Recorded data:
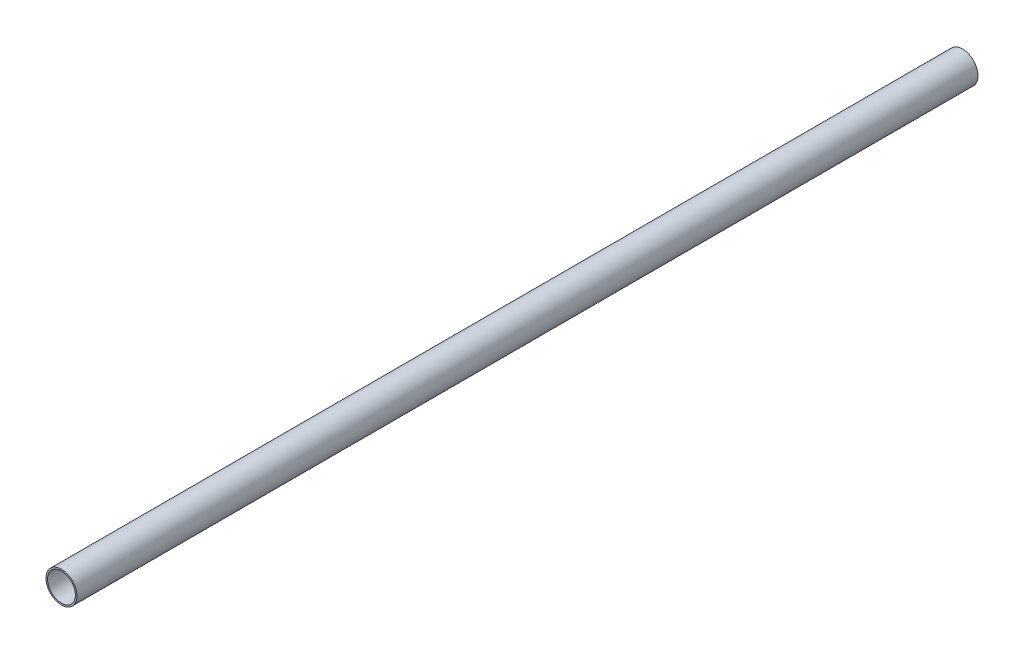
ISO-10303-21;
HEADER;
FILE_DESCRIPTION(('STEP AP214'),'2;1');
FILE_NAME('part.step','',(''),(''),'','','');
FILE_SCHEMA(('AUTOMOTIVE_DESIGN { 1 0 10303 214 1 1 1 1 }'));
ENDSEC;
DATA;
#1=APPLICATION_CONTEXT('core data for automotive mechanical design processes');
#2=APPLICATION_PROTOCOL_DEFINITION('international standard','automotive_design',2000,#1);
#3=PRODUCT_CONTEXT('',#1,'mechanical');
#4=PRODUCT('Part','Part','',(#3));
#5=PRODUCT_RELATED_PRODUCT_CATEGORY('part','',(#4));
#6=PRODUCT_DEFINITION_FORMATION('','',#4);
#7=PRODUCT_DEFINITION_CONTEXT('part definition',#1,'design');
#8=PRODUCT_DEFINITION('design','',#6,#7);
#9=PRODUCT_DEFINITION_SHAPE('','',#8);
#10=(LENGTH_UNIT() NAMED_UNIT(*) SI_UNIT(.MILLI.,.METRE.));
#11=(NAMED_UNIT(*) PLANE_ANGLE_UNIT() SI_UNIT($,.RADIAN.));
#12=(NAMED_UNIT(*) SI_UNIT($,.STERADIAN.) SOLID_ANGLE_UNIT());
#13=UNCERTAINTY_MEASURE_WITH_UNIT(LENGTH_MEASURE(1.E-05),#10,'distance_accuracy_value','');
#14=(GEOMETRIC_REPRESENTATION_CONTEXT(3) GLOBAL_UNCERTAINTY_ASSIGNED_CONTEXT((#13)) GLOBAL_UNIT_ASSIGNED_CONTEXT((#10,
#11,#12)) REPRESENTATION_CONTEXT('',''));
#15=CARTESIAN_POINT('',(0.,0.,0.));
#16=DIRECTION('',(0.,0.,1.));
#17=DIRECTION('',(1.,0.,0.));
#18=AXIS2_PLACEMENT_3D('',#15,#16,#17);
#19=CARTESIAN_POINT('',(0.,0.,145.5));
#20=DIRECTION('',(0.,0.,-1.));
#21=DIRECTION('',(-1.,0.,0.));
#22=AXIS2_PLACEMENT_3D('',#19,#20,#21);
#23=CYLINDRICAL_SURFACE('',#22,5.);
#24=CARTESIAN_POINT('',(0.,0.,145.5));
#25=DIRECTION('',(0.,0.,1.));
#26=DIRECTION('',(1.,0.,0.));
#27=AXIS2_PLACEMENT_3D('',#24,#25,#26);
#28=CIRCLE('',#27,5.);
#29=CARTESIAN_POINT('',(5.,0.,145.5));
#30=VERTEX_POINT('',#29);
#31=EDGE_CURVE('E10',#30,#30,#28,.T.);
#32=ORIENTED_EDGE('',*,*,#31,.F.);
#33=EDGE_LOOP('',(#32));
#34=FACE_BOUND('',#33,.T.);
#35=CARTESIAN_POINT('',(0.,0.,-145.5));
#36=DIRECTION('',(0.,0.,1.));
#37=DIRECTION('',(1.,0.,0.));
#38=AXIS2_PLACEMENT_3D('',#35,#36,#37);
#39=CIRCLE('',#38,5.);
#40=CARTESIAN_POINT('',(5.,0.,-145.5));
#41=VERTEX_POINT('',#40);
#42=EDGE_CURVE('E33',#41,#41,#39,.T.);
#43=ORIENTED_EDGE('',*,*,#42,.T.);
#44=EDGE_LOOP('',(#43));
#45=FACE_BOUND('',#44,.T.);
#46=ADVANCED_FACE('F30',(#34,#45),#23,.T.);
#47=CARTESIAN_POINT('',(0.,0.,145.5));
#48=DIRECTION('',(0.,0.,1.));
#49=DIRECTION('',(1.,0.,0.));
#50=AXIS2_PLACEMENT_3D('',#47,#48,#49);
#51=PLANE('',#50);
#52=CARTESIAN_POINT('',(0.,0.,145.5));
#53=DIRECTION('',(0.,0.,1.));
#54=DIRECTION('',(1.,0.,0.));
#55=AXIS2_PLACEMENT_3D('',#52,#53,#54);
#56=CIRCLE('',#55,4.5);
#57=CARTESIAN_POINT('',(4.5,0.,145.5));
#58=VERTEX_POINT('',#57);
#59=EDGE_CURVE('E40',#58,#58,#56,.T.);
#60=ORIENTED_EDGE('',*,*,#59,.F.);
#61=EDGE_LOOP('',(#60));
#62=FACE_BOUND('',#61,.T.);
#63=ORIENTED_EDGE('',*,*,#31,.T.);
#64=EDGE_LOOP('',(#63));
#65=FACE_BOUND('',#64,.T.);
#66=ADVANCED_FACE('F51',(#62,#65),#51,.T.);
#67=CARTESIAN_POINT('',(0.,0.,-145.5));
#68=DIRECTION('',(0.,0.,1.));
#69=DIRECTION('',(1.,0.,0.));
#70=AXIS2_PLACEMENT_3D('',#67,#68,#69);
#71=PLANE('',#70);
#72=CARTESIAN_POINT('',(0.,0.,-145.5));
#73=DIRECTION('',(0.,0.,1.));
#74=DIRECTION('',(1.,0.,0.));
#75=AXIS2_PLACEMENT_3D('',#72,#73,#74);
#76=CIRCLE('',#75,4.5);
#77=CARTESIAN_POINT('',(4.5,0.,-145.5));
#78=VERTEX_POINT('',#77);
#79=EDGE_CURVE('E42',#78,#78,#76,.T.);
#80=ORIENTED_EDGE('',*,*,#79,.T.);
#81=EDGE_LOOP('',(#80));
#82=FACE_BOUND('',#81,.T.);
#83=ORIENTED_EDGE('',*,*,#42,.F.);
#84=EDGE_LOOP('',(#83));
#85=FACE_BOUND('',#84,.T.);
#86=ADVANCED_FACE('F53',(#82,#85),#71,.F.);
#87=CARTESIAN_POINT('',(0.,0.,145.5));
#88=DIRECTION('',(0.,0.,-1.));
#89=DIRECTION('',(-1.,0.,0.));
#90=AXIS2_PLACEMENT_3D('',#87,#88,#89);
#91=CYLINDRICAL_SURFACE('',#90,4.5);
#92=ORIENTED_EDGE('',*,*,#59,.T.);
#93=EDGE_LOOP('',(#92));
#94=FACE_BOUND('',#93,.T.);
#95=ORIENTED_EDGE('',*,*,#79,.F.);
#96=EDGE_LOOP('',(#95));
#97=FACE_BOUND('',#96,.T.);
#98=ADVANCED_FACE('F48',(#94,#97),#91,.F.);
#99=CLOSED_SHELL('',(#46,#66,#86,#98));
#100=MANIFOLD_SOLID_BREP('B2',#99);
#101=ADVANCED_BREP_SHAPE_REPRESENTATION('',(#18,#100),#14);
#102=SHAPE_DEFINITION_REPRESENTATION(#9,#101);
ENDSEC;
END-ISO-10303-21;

# [YOUR OBJECTIVE]
Copy the records above exactly, beginning at the line that contains "#34=FACE_BOUND('',#33,.T.);" and stopping after the line that contains "#67=CARTESIAN_POINT('',(0.,0.,-145.5));".

# [FINISHED TASK]
#34=FACE_BOUND('',#33,.T.);
#35=CARTESIAN_POINT('',(0.,0.,-145.5));
#36=DIRECTION('',(0.,0.,1.));
#37=DIRECTION('',(1.,0.,0.));
#38=AXIS2_PLACEMENT_3D('',#35,#36,#37);
#39=CIRCLE('',#38,5.);
#40=CARTESIAN_POINT('',(5.,0.,-145.5));
#41=VERTEX_POINT('',#40);
#42=EDGE_CURVE('E33',#41,#41,#39,.T.);
#43=ORIENTED_EDGE('',*,*,#42,.T.);
#44=EDGE_LOOP('',(#43));
#45=FACE_BOUND('',#44,.T.);
#46=ADVANCED_FACE('F30',(#34,#45),#23,.T.);
#47=CARTESIAN_POINT('',(0.,0.,145.5));
#48=DIRECTION('',(0.,0.,1.));
#49=DIRECTION('',(1.,0.,0.));
#50=AXIS2_PLACEMENT_3D('',#47,#48,#49);
#51=PLANE('',#50);
#52=CARTESIAN_POINT('',(0.,0.,145.5));
#53=DIRECTION('',(0.,0.,1.));
#54=DIRECTION('',(1.,0.,0.));
#55=AXIS2_PLACEMENT_3D('',#52,#53,#54);
#56=CIRCLE('',#55,4.5);
#57=CARTESIAN_POINT('',(4.5,0.,145.5));
#58=VERTEX_POINT('',#57);
#59=EDGE_CURVE('E40',#58,#58,#56,.T.);
#60=ORIENTED_EDGE('',*,*,#59,.F.);
#61=EDGE_LOOP('',(#60));
#62=FACE_BOUND('',#61,.T.);
#63=ORIENTED_EDGE('',*,*,#31,.T.);
#64=EDGE_LOOP('',(#63));
#65=FACE_BOUND('',#64,.T.);
#66=ADVANCED_FACE('F51',(#62,#65),#51,.T.);
#67=CARTESIAN_POINT('',(0.,0.,-145.5));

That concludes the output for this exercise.